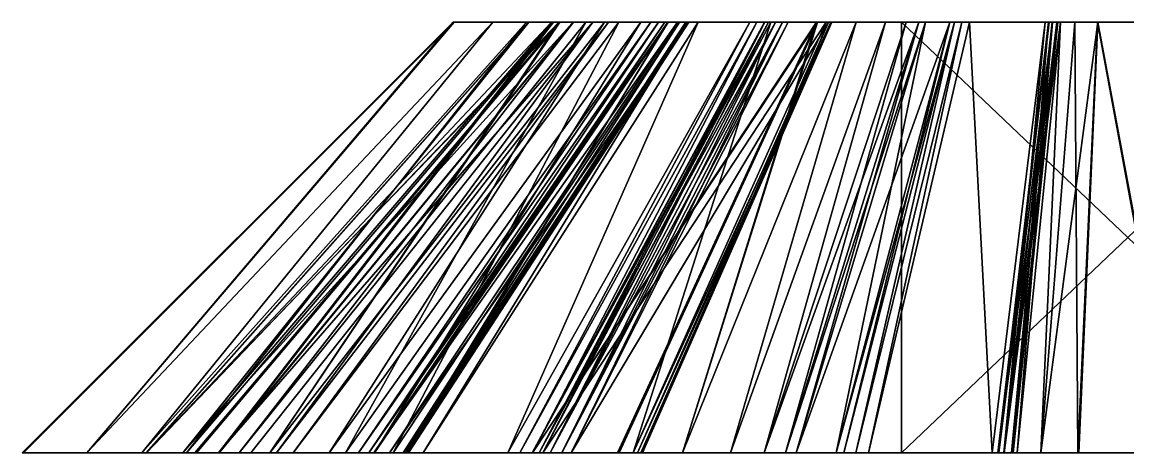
# Model space of a CAD drawing. Extents: x -10.3 to 10.3, y 0 to 4.
# Drawn here: x -10.26 to 0, y 0 to 4 of the extents above; entities that cross this region are included whole.
import ezdxf

# ---------------------------------------------------------------- set-up
doc = ezdxf.new("R2010")
doc.units = 0
doc.header["$MEASUREMENT"] = 0
doc.layers.add('ConstrLines', color=6, linetype='Continuous')
doc.layers.add('GearObj', color=2, linetype='Continuous')

msp = doc.modelspace()

# ---------------------------------------------------------------- linework, layer by layer
at = {"layer": 'ConstrLines'}
for points in [[(-10.243, 0, 0.465), (-6.257, 4, -0.278), (-10.257, 0, -0.455)], [(-6.257, 4, -0.278), (-9.656, 0, -0.806), (-10.257, 0, -0.455)], [(-6.257, 4, -0.278), (-10.243, 0, 0.465), (-6.248, 4, 0.283)], [(-9.656, 0, 0.806), (-6.248, 4, 0.283), (-10.243, 0, 0.465)], [(-6.248, 4, 0.283), (-9.656, 0, 0.806), (-5.89, 4, 0.492)], [(-9.147, 0, 1.026), (-5.89, 4, 0.492), (-9.656, 0, 0.806)], [(-5.89, 4, -0.492), (-9.147, 0, -1.026), (-9.656, 0, -0.806)], [(-9.656, 0, -0.806), (-6.257, 4, -0.278), (-5.89, 4, -0.492)], [(-5.579, 4, -0.626), (-8.732, 0, -1.147), (-9.147, 0, -1.026)], [(-5.89, 4, 0.492), (-9.147, 0, 1.026), (-5.579, 4, 0.626)], [(-9.147, 0, -1.026), (-5.89, 4, -0.492), (-5.579, 4, -0.626)], [(-8.732, 0, 1.147), (-5.579, 4, 0.626), (-9.147, 0, 1.026)], [(-5.557, 4, 2.888), (-8.766, 0, 4.13), (-9.11, 0, 4.734)], [(-5.269, 4, 3.369), (-9.11, 0, 4.734), (-8.638, 0, 5.524)], [(-9.11, 0, 4.734), (-5.269, 4, 3.369), (-5.557, 4, 2.888)], [(-9.103, 0, -4.719), (-5.347, 4, -2.519), (-5.553, 4, -2.879)], [(-5.347, 4, -2.519), (-9.103, 0, -4.719), (-8.766, 0, -4.13)], [(-5.279, 4, -3.369), (-9.103, 0, -4.719), (-5.553, 4, -2.879)], [(-9.103, 0, -4.719), (-5.279, 4, -3.369), (-8.655, 0, -5.522)], [(-8.434, 0, -3.685), (-5.347, 4, -2.519), (-8.766, 0, -4.13)], [(-8.766, 0, 4.13), (-5.557, 4, 2.888), (-5.347, 4, 2.519)], [(-5.145, 4, 2.248), (-8.766, 0, 4.13), (-5.347, 4, 2.519)], [(-8.766, 0, 4.13), (-5.145, 4, 2.248), (-8.434, 0, 3.685)], [(-8.732, 0, -1.147), (-5.579, 4, -0.626), (-5.327, 4, -0.7)], [(-5.327, 4, -0.7), (-8.428, 0, -1.197), (-8.732, 0, -1.147)], [(-5.579, 4, 0.626), (-8.732, 0, 1.147), (-5.327, 4, 0.7)], [(-8.428, 0, 1.197), (-5.327, 4, 0.7), (-8.732, 0, 1.147)], [(-5.279, 4, -3.369), (-7.96, 0, -5.527), (-8.655, 0, -5.522)], [(-7.96, 0, 5.527), (-5.269, 4, 3.369), (-8.638, 0, 5.524)], [(-5.347, 4, -2.519), (-8.434, 0, -3.685), (-5.145, 4, -2.248)], [(-8.434, 0, -3.685), (-4.963, 4, -2.057), (-5.145, 4, -2.248)], [(-4.963, 4, -2.057), (-8.434, 0, -3.685), (-8.136, 0, -3.373)], [(-4.963, 4, 2.057), (-8.434, 0, 3.685), (-5.145, 4, 2.248)], [(-8.434, 0, 3.685), (-4.963, 4, 2.057), (-8.136, 0, 3.373)], [(-8.243, 0, 1.205), (-5.141, 4, 0.73), (-8.428, 0, 1.197)], [(-5.141, 4, -0.73), (-8.243, 0, -1.205), (-8.428, 0, -1.197)], [(-8.428, 0, -1.197), (-5.327, 4, -0.7), (-5.141, 4, -0.73)], [(-5.327, 4, 0.7), (-8.428, 0, 1.197), (-5.141, 4, 0.73)], [(-5.141, 4, 0.73), (-8.243, 0, 1.205), (-5.028, 4, 0.735)], [(-5.028, 4, -0.735), (-7.256, 0, -1.065), (-8.243, 0, -1.205)], [(-7.256, 0, 1.065), (-5.028, 4, 0.735), (-8.243, 0, 1.205)], [(-8.243, 0, -1.205), (-5.141, 4, -0.73), (-5.028, 4, -0.735)], [(-4.963, 4, 2.057), (-7.897, 0, 3.177), (-8.136, 0, 3.373)], [(-7.897, 0, -3.177), (-4.963, 4, -2.057), (-8.136, 0, -3.373)], [(-4.855, 4, -3.371), (-7.408, 0, -5.462), (-7.96, 0, -5.527)], [(-7.96, 0, -5.527), (-5.279, 4, -3.369), (-4.855, 4, -3.371)], [(-5.269, 4, 3.369), (-7.96, 0, 5.527), (-4.855, 4, 3.371)], [(-7.408, 0, 5.462), (-4.855, 4, 3.371), (-7.96, 0, 5.527)], [(-4.817, 4, 1.938), (-7.741, 0, 3.078), (-7.897, 0, 3.177)], [(-7.897, 0, 3.177), (-4.963, 4, 2.057), (-4.817, 4, 1.938)], [(-4.963, 4, -2.057), (-7.897, 0, -3.177), (-4.817, 4, -1.938)], [(-7.741, 0, -3.078), (-4.817, 4, -1.938), (-7.897, 0, -3.177)], [(-7.741, 0, 3.078), (-4.817, 4, 1.938), (-4.722, 4, 1.877)], [(-6.816, 0, -2.705), (-4.722, 4, -1.877), (-7.741, 0, -3.078)], [(-4.722, 4, 1.877), (-6.816, 0, 2.705), (-7.741, 0, 3.078)], [(-4.817, 4, -1.938), (-7.741, 0, -3.078), (-4.722, 4, -1.877)], [(-4.519, 4, -3.332), (-6.989, 0, -5.359), (-7.408, 0, -5.462)], [(-7.408, 0, -5.462), (-4.855, 4, -3.371), (-4.519, 4, -3.332)], [(-4.855, 4, 3.371), (-7.408, 0, 5.462), (-4.519, 4, 3.332)], [(-6.989, 0, 5.359), (-4.519, 4, 3.332), (-7.408, 0, 5.462)], [(-4.426, 4, -0.65), (-7.137, 0, -1.079), (-7.256, 0, -1.065)], [(-7.256, 0, -1.065), (-5.028, 4, -0.735), (-4.426, 4, -0.65)], [(-7.137, 0, 1.079), (-4.426, 4, 0.65), (-7.256, 0, 1.065)], [(-5.028, 4, 0.735), (-7.256, 0, 1.065), (-4.426, 4, 0.65)], [(-7.137, 0, -1.079), (-4.426, 4, -0.65), (-4.354, 4, -0.658)], [(-4.426, 4, 0.65), (-7.137, 0, 1.079), (-4.354, 4, 0.658)], [(-7.041, 0, 1.15), (-4.354, 4, 0.658), (-7.137, 0, 1.079)], [(-4.354, 4, -0.658), (-7.041, 0, -1.15), (-7.137, 0, -1.079)], [(-7.041, 0, 1.15), (-4.266, 4, 0.768), (-4.295, 4, 0.702)], [(-4.266, 4, 0.768), (-7.041, 0, 1.15), (-6.994, 0, 1.26)], [(-4.295, 4, -0.702), (-6.994, 0, -1.26), (-7.041, 0, -1.15)], [(-4.354, 4, 0.658), (-7.041, 0, 1.15), (-4.295, 4, 0.702)], [(-7.041, 0, -1.15), (-4.354, 4, -0.658), (-4.295, 4, -0.702)], [(-4.266, 4, -0.768), (-6.687, 0, -2.406), (-6.994, 0, -1.26)], [(-6.994, 0, -1.26), (-4.295, 4, -0.702), (-4.266, 4, -0.768)], [(-6.994, 0, 1.26), (-4.178, 4, 1.099), (-4.266, 4, 0.768)], [(-4.178, 4, 1.099), (-6.994, 0, 1.26), (-6.849, 0, 1.802)], [(-4.263, 4, -3.269), (-6.7, 0, -5.251), (-6.989, 0, -5.359)], [(-6.989, 0, -5.359), (-4.519, 4, -3.332), (-4.263, 4, -3.269)], [(-6.7, 0, 5.251), (-4.263, 4, 3.269), (-6.989, 0, 5.359)], [(-4.519, 4, 3.332), (-6.989, 0, 5.359), (-4.263, 4, 3.269)], [(-6.849, 0, 1.802), (-4.079, 4, 1.468), (-4.178, 4, 1.099)], [(-4.079, 4, 1.468), (-6.849, 0, 1.802), (-6.687, 0, 2.406)], [(-4.158, 4, 1.65), (-6.721, 0, 2.634), (-6.816, 0, 2.705)], [(-4.722, 4, -1.877), (-6.816, 0, -2.705), (-4.158, 4, -1.65)], [(-6.816, 0, 2.705), (-4.722, 4, 1.877), (-4.158, 4, 1.65)], [(-6.721, 0, -2.634), (-4.158, 4, -1.65), (-6.816, 0, -2.705)], [(-4.1, 4, 1.607), (-6.673, 0, 2.524), (-6.721, 0, 2.634)], [(-6.721, 0, 2.634), (-4.158, 4, 1.65), (-4.1, 4, 1.607)], [(-6.721, 0, -2.634), (-4.071, 4, -1.54), (-4.1, 4, -1.607)], [(-4.071, 4, -1.54), (-6.721, 0, -2.634), (-6.673, 0, -2.524)], [(-4.158, 4, -1.65), (-6.721, 0, -2.634), (-4.1, 4, -1.607)], [(-6.7, 0, -5.251), (-4.263, 4, -3.269), (-4.087, 4, -3.203)], [(-4.087, 4, -3.203), (-6.536, 0, -5.165), (-6.7, 0, -5.251)], [(-4.263, 4, 3.269), (-6.7, 0, 5.251), (-4.087, 4, 3.203)], [(-6.536, 0, 5.165), (-4.087, 4, 3.203), (-6.7, 0, 5.251)], [(-6.687, 0, -2.406), (-4.266, 4, -0.768), (-4.079, 4, -1.468)], [(-6.687, 0, 2.406), (-4.071, 4, 1.54), (-4.079, 4, 1.468)], [(-4.071, 4, 1.54), (-6.687, 0, 2.406), (-6.673, 0, 2.524)], [(-4.071, 4, -1.54), (-6.687, 0, -2.406), (-4.079, 4, -1.468)], [(-6.687, 0, -2.406), (-4.071, 4, -1.54), (-6.673, 0, -2.524)], [(-6.673, 0, 2.524), (-4.1, 4, 1.607), (-4.071, 4, 1.54)], [(-3.987, 4, -3.151), (-5.751, 0, -4.55), (-6.536, 0, -5.165)], [(-6.536, 0, -5.165), (-4.087, 4, -3.203), (-3.987, 4, -3.151)], [(-5.751, 0, 4.55), (-3.987, 4, 3.151), (-6.536, 0, 5.165)], [(-4.087, 4, 3.203), (-6.536, 0, 5.165), (-3.987, 4, 3.151)], [(-5.751, 0, -4.55), (-3.987, 4, -3.151), (-3.508, 4, -2.776)], [(-5.641, 0, 4.503), (-3.508, 4, 2.776), (-5.751, 0, 4.55)], [(-3.508, 4, -2.776), (-5.641, 0, -4.503), (-5.751, 0, -4.55)], [(-3.987, 4, 3.151), (-5.751, 0, 4.55), (-3.508, 4, 2.776)], [(-3.441, 4, -2.747), (-5.523, 0, -4.517), (-5.641, 0, -4.503)], [(-3.508, 4, 2.776), (-5.641, 0, 4.503), (-3.441, 4, 2.747)], [(-5.523, 0, 4.517), (-3.441, 4, 2.747), (-5.641, 0, 4.503)], [(-5.641, 0, -4.503), (-3.508, 4, -2.776), (-3.441, 4, -2.747)], [(-5.327, 4, 0.7), (-4.426, 4, 0.65), (-5.579, 4, 0.626)], [(-3.369, 4, -5.269), (-5.527, 0, -7.96), (-3.371, 4, -4.855)], [(-5.527, 0, -7.96), (-3.369, 4, -5.269), (-5.524, 0, -8.638)], [(-5.527, 0, -7.96), (-3.332, 4, -4.519), (-3.371, 4, -4.855)], [(-3.332, 4, -4.519), (-5.527, 0, -7.96), (-5.462, 0, -7.408)], [(-3.371, 4, 4.855), (-5.462, 0, 7.408), (-5.527, 0, 7.96)], [(-5.527, 0, 7.96), (-3.369, 4, 5.279), (-3.371, 4, 4.855)], [(-3.369, 4, 5.279), (-5.527, 0, 7.96), (-5.522, 0, 8.655)], [(-2.888, 4, -5.557), (-5.524, 0, -8.638), (-3.369, 4, -5.269)], [(-5.524, 0, -8.638), (-2.888, 4, -5.557), (-4.734, 0, -9.11)], [(-5.427, 0, 4.588), (-3.369, 4, 2.755), (-5.523, 0, 4.517)], [(-5.523, 0, -4.517), (-3.441, 4, -2.747), (-3.369, 4, -2.755)], [(-3.369, 4, -2.755), (-5.427, 0, -4.588), (-5.523, 0, -4.517)], [(-3.441, 4, 2.747), (-5.523, 0, 4.517), (-3.369, 4, 2.755)], [(-2.879, 4, 5.553), (-5.522, 0, 8.655), (-4.719, 0, 9.103)], [(-5.522, 0, 8.655), (-2.879, 4, 5.553), (-3.369, 4, 5.279)], [(-5.462, 0, -7.408), (-3.269, 4, -4.263), (-3.332, 4, -4.519)], [(-3.269, 4, -4.263), (-5.462, 0, -7.408), (-5.359, 0, -6.989)], [(-3.332, 4, 4.519), (-5.359, 0, 6.989), (-5.462, 0, 7.408)], [(-5.462, 0, 7.408), (-3.371, 4, 4.855), (-3.332, 4, 4.519)], [(-5.427, 0, 4.588), (-2.799, 4, 3.311), (-3.311, 4, 2.799)], [(-2.799, 4, 3.311), (-5.427, 0, 4.588), (-4.588, 0, 5.427)], [(-3.369, 4, 2.755), (-5.427, 0, 4.588), (-3.311, 4, 2.799)], [(-5.427, 0, -4.588), (-3.369, 4, -2.755), (-3.311, 4, -2.799)], [(-3.311, 4, -2.799), (-4.588, 0, -5.427), (-5.427, 0, -4.588)], [(-3.269, 4, 4.263), (-5.251, 0, 6.7), (-5.359, 0, 6.989)], [(-5.359, 0, -6.989), (-3.203, 4, -4.087), (-3.269, 4, -4.263)], [(-3.203, 4, -4.087), (-5.359, 0, -6.989), (-5.251, 0, -6.7)], [(-5.359, 0, 6.989), (-3.332, 4, 4.519), (-3.269, 4, 4.263)], [(-5.141, 4, 0.73), (-4.426, 4, 0.65), (-5.327, 4, 0.7)], [(-5.327, 4, -0.7), (-5.028, 4, -0.735), (-5.141, 4, -0.73)], [(-3.203, 4, 4.087), (-5.165, 0, 6.536), (-5.251, 0, 6.7)], [(-5.251, 0, -6.7), (-3.151, 4, -3.987), (-3.203, 4, -4.087)], [(-3.151, 4, -3.987), (-5.251, 0, -6.7), (-5.165, 0, -6.536)], [(-5.251, 0, 6.7), (-3.269, 4, 4.263), (-3.203, 4, 4.087)], [(-5.165, 0, 6.536), (-3.203, 4, 4.087), (-3.151, 4, 3.987)], [(-5.165, 0, -6.536), (-2.776, 4, -3.508), (-3.151, 4, -3.987)], [(-2.776, 4, -3.508), (-5.165, 0, -6.536), (-4.55, 0, -5.751)], [(-2.776, 4, 3.508), (-5.165, 0, 6.536), (-3.151, 4, 3.987)], [(-5.165, 0, 6.536), (-2.776, 4, 3.508), (-4.55, 0, 5.751)], [(-4.426, 4, 0.65), (-5.141, 4, 0.73), (-5.028, 4, 0.735)], [(-4.963, 4, 2.057), (-4.158, 4, 1.65), (-4.817, 4, 1.938)], [(-4.817, 4, 1.938), (-4.158, 4, 1.65), (-4.722, 4, 1.877)], [(-2.888, 4, -5.557), (-4.13, 0, -8.766), (-4.734, 0, -9.11)], [(-4.13, 0, 8.766), (-2.879, 4, 5.553), (-4.719, 0, 9.103)], [(-4.588, 0, 5.427), (-2.755, 4, 3.369), (-2.799, 4, 3.311)], [(-2.755, 4, 3.369), (-4.588, 0, 5.427), (-4.517, 0, 5.523)], [(-2.755, 4, -3.369), (-4.588, 0, -5.427), (-2.799, 4, -3.311)], [(-4.588, 0, -5.427), (-2.755, 4, -3.369), (-4.517, 0, -5.523)], [(-4.588, 0, -5.427), (-3.311, 4, -2.799), (-2.799, 4, -3.311)], [(-2.776, 4, 3.508), (-4.503, 0, 5.641), (-4.55, 0, 5.751)], [(-4.55, 0, -5.751), (-2.747, 4, -3.441), (-2.776, 4, -3.508)], [(-2.747, 4, -3.441), (-4.55, 0, -5.751), (-4.503, 0, -5.641)], [(-4.517, 0, 5.523), (-2.747, 4, 3.441), (-2.755, 4, 3.369)], [(-2.747, 4, 3.441), (-4.517, 0, 5.523), (-4.503, 0, 5.641)], [(-2.755, 4, -3.369), (-4.503, 0, -5.641), (-4.517, 0, -5.523)], [(-4.503, 0, 5.641), (-2.776, 4, 3.508), (-2.747, 4, 3.441)], [(-4.503, 0, -5.641), (-2.755, 4, -3.369), (-2.747, 4, -3.441)], [(-3.685, 0, 8.434), (-2.519, 4, 5.347), (-4.13, 0, 8.766)], [(-4.13, 0, -8.766), (-2.888, 4, -5.557), (-2.519, 4, -5.347)], [(-2.519, 4, -5.347), (-3.685, 0, -8.434), (-4.13, 0, -8.766)], [(-2.879, 4, 5.553), (-4.13, 0, 8.766), (-2.519, 4, 5.347)], [(-2.519, 4, 5.347), (-3.685, 0, 8.434), (-2.248, 4, 5.145)], [(-3.373, 0, 8.136), (-2.248, 4, 5.145), (-3.685, 0, 8.434)], [(-2.248, 4, -5.145), (-3.373, 0, -8.136), (-3.685, 0, -8.434)], [(-3.685, 0, -8.434), (-2.519, 4, -5.347), (-2.248, 4, -5.145)], [(-2.248, 4, 5.145), (-3.373, 0, 8.136), (-2.057, 4, 4.963)], [(-3.373, 0, -8.136), (-2.248, 4, -5.145), (-2.057, 4, -4.963)], [(-2.057, 4, -4.963), (-3.177, 0, -7.897), (-3.373, 0, -8.136)], [(-3.373, 0, 8.136), (-1.938, 4, 4.817), (-2.057, 4, 4.963)], [(-1.938, 4, 4.817), (-3.373, 0, 8.136), (-3.177, 0, 7.897)], [(-3.177, 0, -7.897), (-2.057, 4, -4.963), (-1.938, 4, -4.817)], [(-1.938, 4, -4.817), (-3.078, 0, -7.741), (-3.177, 0, -7.897)], [(-3.177, 0, 7.897), (-1.877, 4, 4.722), (-1.938, 4, 4.817)], [(-1.877, 4, 4.722), (-3.177, 0, 7.897), (-3.078, 0, 7.741)], [(-2.705, 0, 6.816), (-1.877, 4, 4.722), (-3.078, 0, 7.741)], [(-1.65, 4, -4.158), (-3.078, 0, -7.741), (-1.877, 4, -4.722)], [(-3.078, 0, -7.741), (-1.65, 4, -4.158), (-2.705, 0, -6.816)], [(-3.078, 0, -7.741), (-1.938, 4, -4.817), (-1.877, 4, -4.722)], [(-2.705, 0, 6.816), (-1.607, 4, 4.1), (-1.65, 4, 4.158)], [(-1.607, 4, 4.1), (-2.705, 0, 6.816), (-2.634, 0, 6.721)], [(-1.877, 4, 4.722), (-2.705, 0, 6.816), (-1.65, 4, 4.158)], [(-1.65, 4, -4.158), (-2.634, 0, -6.721), (-2.705, 0, -6.816)], [(-2.524, 0, 6.673), (-1.607, 4, 4.1), (-2.634, 0, 6.721)], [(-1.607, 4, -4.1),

====

PROBLEM DETAILS → Only lines with the word "linetype" go in the answer. Take them all from the entries above.

FINAL ANSWER →
doc.layers.add('ConstrLines', color=6, linetype='Continuous')
doc.layers.add('GearObj', color=2, linetype='Continuous')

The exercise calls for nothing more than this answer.